=== What you have to do ===
Exactly the lines from the one containing "- net /D8: track 31.6 -> 35.3 mm, vias 1 -> 2" through the end of the data below are to be reproduced, and nothing besides them.
════════
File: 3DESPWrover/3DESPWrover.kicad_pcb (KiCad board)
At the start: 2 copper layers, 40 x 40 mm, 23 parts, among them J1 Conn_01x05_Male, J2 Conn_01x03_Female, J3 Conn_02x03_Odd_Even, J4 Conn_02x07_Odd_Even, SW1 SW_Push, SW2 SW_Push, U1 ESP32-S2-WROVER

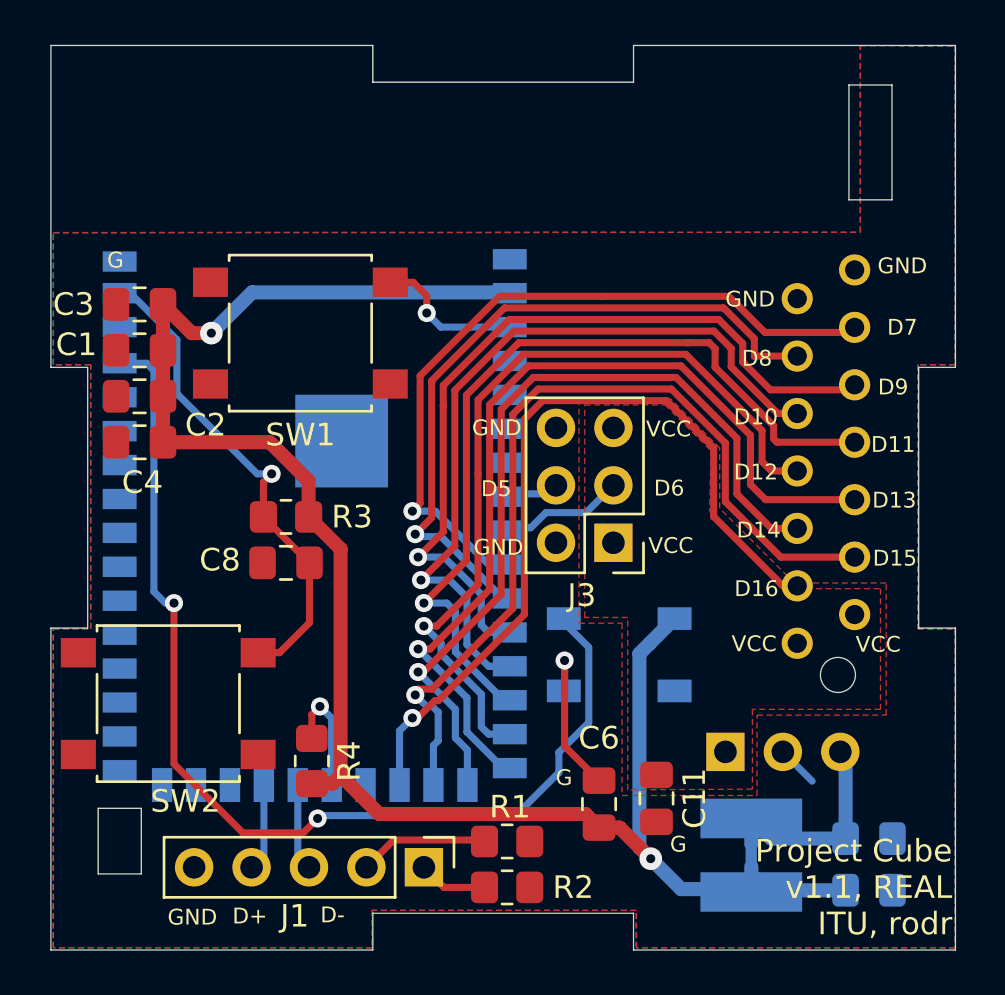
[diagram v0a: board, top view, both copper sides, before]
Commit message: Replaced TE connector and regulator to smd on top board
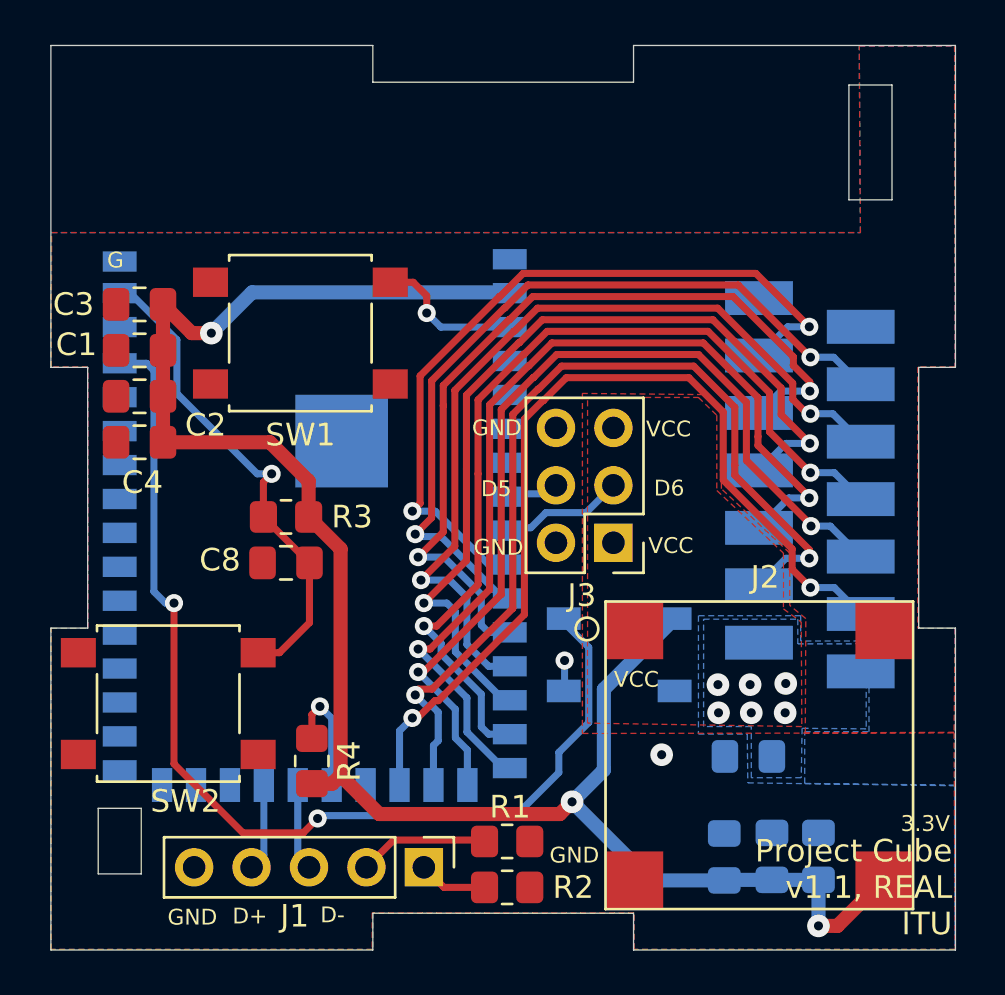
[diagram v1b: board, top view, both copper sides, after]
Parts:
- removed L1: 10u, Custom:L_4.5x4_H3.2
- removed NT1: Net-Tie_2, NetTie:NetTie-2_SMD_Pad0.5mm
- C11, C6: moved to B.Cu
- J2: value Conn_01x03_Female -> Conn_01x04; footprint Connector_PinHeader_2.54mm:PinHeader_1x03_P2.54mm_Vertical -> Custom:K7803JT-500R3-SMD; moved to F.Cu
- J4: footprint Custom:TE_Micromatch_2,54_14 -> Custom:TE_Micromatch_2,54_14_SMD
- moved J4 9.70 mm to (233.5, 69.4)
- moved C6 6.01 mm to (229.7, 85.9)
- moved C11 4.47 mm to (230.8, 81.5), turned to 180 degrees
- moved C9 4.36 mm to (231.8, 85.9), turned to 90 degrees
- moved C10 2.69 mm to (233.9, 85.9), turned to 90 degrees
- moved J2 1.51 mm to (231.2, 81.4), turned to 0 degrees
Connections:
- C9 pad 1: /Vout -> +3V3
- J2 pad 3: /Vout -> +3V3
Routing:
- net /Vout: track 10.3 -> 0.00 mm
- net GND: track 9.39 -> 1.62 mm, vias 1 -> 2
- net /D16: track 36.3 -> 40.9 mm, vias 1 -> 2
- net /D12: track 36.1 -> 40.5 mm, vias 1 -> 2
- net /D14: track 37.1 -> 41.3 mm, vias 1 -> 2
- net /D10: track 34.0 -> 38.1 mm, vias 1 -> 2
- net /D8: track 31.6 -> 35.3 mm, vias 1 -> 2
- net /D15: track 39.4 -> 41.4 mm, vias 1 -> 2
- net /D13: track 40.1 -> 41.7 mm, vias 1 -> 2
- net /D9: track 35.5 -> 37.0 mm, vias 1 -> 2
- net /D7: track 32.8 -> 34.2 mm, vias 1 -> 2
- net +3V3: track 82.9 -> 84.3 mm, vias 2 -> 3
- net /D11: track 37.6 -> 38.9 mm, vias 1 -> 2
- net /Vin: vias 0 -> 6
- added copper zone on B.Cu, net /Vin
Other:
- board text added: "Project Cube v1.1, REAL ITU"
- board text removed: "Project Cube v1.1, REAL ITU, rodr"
════════
=== Solved problem ===
- net /D8: track 31.6 -> 35.3 mm, vias 1 -> 2
- net /D15: track 39.4 -> 41.4 mm, vias 1 -> 2
- net /D13: track 40.1 -> 41.7 mm, vias 1 -> 2
- net /D9: track 35.5 -> 37.0 mm, vias 1 -> 2
- net /D7: track 32.8 -> 34.2 mm, vias 1 -> 2
- net +3V3: track 82.9 -> 84.3 mm, vias 2 -> 3
- net /D11: track 37.6 -> 38.9 mm, vias 1 -> 2
- net /Vin: vias 0 -> 6
- added copper zone on B.Cu, net /Vin
Other:
- board text added: "Project Cube v1.1, REAL ITU"
- board text removed: "Project Cube v1.1, REAL ITU, rodr"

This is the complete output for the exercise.